§ **EXTRACTED MATERIAL**:
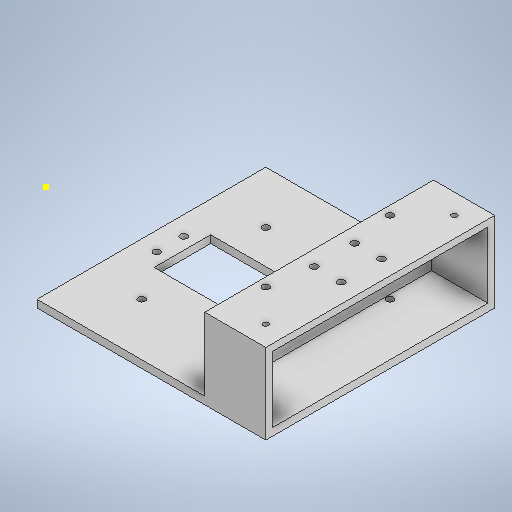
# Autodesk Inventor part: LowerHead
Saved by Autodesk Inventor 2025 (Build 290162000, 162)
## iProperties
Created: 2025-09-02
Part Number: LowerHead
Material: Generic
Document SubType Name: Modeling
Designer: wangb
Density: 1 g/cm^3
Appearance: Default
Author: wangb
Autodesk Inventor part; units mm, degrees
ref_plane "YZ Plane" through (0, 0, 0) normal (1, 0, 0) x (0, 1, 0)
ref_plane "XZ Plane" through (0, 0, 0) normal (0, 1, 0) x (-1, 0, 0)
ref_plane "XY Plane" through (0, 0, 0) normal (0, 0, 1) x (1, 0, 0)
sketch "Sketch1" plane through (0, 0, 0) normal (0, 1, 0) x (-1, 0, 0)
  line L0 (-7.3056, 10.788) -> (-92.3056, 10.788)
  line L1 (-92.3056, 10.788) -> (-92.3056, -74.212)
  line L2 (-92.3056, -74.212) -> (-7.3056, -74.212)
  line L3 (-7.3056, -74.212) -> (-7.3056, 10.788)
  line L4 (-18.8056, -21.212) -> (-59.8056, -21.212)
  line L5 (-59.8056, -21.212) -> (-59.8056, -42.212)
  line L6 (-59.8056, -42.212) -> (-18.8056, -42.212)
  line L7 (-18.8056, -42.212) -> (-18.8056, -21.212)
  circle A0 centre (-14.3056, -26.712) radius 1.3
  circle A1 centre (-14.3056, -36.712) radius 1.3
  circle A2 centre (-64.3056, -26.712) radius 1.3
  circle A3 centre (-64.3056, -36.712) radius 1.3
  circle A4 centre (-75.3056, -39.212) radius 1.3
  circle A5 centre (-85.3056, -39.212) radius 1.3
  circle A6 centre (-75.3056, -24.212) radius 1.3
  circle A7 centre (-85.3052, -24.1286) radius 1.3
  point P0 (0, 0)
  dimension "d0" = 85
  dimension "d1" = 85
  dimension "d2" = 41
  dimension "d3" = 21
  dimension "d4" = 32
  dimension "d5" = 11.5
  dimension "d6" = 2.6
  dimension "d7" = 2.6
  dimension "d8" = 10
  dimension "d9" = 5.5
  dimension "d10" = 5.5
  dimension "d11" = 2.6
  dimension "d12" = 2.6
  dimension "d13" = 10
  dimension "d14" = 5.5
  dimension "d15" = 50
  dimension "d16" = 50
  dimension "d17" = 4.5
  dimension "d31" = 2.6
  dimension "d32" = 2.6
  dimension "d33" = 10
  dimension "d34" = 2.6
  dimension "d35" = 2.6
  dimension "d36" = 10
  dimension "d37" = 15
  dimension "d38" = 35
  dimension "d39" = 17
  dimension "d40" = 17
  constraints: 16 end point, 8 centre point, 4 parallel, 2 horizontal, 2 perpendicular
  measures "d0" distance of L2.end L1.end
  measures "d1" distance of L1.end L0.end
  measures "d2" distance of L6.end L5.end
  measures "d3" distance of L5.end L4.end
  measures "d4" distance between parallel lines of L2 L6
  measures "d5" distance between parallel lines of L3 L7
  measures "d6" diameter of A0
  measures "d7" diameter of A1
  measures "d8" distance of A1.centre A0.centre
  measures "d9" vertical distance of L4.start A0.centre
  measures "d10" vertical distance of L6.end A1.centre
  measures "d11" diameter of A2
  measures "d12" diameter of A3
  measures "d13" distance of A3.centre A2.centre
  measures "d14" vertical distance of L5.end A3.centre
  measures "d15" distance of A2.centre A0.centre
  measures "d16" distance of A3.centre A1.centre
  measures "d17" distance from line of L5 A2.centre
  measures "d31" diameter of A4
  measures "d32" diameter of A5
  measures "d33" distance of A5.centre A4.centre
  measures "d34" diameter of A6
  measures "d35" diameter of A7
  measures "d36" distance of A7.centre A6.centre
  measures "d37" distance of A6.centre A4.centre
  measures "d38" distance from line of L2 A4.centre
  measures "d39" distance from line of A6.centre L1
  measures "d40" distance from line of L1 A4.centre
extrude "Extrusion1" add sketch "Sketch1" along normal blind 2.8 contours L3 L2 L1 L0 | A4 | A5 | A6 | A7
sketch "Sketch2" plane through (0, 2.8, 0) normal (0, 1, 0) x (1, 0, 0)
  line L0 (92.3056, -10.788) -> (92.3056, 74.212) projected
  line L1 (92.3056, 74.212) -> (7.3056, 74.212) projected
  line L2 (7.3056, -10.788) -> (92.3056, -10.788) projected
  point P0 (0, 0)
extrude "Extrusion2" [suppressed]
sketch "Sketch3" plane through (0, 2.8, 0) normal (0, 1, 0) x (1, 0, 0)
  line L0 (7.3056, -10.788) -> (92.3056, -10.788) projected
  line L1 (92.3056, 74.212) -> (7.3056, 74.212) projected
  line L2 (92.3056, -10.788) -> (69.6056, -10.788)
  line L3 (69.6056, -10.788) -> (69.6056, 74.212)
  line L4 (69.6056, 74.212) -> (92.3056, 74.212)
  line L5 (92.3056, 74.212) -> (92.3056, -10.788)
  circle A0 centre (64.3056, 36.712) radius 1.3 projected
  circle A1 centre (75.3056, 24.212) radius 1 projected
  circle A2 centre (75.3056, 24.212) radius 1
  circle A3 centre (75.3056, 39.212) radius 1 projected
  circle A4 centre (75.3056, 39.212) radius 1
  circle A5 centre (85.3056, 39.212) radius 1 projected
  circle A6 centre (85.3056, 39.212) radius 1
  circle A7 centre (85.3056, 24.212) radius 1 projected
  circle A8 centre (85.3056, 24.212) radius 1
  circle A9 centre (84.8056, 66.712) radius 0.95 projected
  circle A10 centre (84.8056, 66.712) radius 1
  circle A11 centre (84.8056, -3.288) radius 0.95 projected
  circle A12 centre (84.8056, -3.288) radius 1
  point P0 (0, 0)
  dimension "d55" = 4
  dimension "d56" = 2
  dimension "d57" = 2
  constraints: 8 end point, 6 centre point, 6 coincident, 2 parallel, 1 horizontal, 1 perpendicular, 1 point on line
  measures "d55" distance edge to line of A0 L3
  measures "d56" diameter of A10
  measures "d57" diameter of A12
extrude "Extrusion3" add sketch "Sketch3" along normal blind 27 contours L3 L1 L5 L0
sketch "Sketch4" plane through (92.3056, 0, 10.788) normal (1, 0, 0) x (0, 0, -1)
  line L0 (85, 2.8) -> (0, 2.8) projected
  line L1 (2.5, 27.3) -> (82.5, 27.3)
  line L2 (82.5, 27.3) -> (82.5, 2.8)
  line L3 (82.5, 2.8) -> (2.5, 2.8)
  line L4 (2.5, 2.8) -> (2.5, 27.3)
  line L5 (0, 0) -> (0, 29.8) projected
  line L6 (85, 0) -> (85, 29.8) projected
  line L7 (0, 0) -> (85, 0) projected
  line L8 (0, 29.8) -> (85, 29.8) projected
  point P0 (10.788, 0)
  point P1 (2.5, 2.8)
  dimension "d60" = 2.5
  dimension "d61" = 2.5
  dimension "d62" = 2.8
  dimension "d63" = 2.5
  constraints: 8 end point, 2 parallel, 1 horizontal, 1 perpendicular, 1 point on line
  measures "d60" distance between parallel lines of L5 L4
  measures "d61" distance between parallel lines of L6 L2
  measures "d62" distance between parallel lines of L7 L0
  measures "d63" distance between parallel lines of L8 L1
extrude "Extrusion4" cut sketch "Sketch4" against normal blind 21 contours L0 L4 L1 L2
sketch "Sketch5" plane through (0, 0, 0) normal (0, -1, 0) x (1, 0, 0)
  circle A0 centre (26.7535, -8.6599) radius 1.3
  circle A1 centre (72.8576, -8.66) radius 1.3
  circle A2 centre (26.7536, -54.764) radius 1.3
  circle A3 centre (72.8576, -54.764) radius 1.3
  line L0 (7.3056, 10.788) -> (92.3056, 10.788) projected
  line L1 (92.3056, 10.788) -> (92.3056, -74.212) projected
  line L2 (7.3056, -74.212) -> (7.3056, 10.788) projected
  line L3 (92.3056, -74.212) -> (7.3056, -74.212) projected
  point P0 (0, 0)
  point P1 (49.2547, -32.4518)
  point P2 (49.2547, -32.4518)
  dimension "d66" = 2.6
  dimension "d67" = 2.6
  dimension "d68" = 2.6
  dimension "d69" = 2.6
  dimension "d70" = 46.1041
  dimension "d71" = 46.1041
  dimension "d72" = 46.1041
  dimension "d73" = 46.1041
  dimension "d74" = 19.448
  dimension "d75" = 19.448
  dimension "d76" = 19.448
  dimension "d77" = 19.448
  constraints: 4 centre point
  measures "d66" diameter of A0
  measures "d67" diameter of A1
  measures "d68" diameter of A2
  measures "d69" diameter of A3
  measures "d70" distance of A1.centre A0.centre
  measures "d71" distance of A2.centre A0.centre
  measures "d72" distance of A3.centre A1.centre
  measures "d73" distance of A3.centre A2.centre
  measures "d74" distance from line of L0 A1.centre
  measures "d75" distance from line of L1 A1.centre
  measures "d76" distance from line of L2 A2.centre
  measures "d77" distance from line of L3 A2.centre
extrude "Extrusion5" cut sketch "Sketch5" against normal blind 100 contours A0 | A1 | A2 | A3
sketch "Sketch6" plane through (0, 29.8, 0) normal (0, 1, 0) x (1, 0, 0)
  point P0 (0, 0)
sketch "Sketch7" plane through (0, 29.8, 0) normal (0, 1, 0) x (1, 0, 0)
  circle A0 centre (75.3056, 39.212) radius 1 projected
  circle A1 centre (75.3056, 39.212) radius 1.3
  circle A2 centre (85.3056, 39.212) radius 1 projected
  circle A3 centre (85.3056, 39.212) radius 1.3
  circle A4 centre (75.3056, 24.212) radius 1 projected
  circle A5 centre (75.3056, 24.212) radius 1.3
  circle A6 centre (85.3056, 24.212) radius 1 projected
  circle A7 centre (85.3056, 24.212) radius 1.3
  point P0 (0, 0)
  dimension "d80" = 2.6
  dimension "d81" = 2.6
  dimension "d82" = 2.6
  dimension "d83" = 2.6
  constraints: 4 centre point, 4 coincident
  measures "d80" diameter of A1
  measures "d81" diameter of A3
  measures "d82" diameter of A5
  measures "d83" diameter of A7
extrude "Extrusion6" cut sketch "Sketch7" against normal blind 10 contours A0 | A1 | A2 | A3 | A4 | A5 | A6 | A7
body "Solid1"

§ **TASK ITEM**:
Go through the records above and return each line in which the word "Autodesk" occurs.

§ **EXERCISE RESPONSE**:
# Autodesk Inventor part: LowerHead
Saved by Autodesk Inventor 2025 (Build 290162000, 162)
Autodesk Inventor part; units mm, degrees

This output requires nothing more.